Collected data entries
⁂

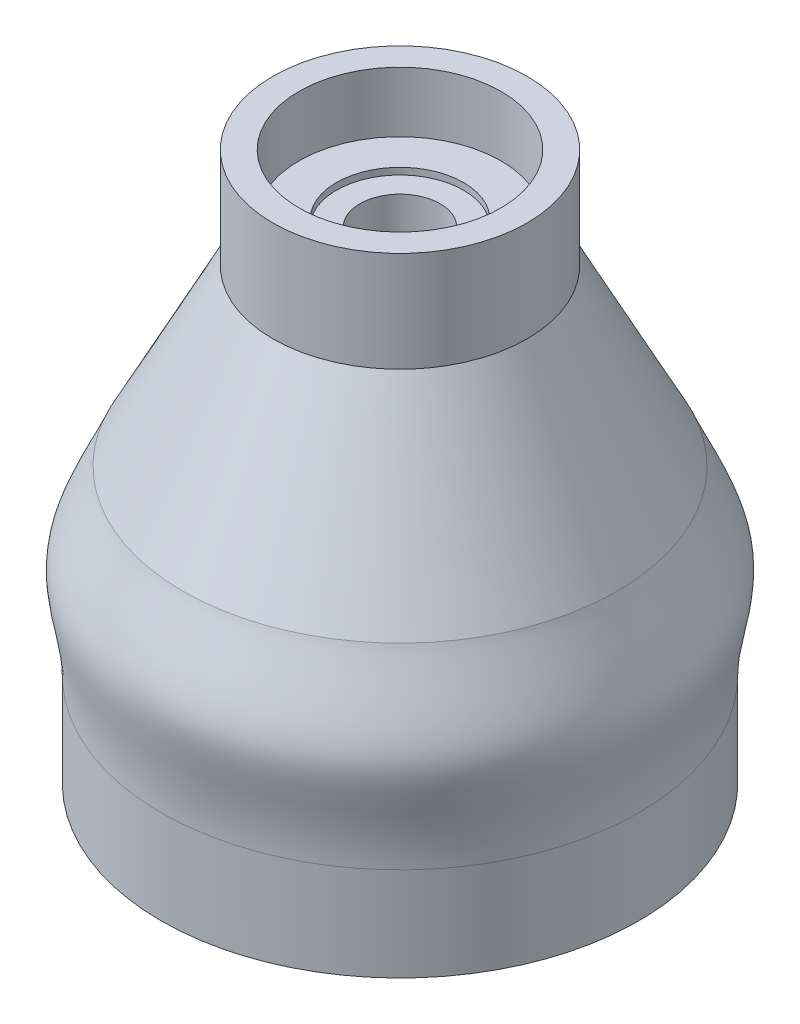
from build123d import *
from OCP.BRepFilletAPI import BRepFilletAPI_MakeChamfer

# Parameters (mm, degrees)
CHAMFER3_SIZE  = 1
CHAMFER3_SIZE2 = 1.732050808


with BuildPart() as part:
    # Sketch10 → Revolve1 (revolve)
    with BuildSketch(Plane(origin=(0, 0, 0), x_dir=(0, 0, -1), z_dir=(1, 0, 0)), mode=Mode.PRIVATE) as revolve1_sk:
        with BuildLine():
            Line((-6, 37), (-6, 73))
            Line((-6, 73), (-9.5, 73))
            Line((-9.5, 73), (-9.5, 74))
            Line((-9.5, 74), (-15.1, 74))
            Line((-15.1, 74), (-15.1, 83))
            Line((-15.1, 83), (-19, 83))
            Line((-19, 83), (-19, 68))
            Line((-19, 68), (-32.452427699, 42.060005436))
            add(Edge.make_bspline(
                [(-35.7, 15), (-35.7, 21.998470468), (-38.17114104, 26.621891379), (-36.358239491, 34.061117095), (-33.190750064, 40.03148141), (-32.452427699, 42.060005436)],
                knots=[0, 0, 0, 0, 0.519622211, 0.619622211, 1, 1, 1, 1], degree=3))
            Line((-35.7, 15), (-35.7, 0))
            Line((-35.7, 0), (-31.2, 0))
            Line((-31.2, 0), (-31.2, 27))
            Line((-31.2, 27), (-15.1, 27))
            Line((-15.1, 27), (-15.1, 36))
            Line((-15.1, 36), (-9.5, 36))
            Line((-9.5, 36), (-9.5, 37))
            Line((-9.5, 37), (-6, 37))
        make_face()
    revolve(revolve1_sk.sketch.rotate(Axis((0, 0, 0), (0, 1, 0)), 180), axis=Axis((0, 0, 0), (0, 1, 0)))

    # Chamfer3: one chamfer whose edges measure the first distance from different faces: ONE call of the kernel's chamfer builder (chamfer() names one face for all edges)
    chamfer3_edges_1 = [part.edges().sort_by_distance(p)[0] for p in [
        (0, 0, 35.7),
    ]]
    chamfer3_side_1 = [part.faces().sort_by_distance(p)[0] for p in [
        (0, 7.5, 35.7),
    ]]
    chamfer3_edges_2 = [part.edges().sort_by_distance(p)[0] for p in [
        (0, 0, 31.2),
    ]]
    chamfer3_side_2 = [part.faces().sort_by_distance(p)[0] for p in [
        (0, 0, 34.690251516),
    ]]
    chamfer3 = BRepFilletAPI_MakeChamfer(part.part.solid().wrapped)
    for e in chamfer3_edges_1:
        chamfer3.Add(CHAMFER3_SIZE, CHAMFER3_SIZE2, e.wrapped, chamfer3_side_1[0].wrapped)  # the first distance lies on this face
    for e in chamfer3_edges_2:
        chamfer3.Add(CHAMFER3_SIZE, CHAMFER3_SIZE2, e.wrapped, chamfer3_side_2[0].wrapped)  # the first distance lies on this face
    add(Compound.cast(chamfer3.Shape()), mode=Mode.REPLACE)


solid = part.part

⁂

▸ Instructions for the task:
From the records above, retype only the lines starting at the line that contains "Line((-31.2, 0), (-31.2, 27))" and ending at the line that contains "make_face()", both included.

▸ Result of this task:
            Line((-31.2, 0), (-31.2, 27))
            Line((-31.2, 27), (-15.1, 27))
            Line((-15.1, 27), (-15.1, 36))
            Line((-15.1, 36), (-9.5, 36))
            Line((-9.5, 36), (-9.5, 37))
            Line((-9.5, 37), (-6, 37))
        make_face()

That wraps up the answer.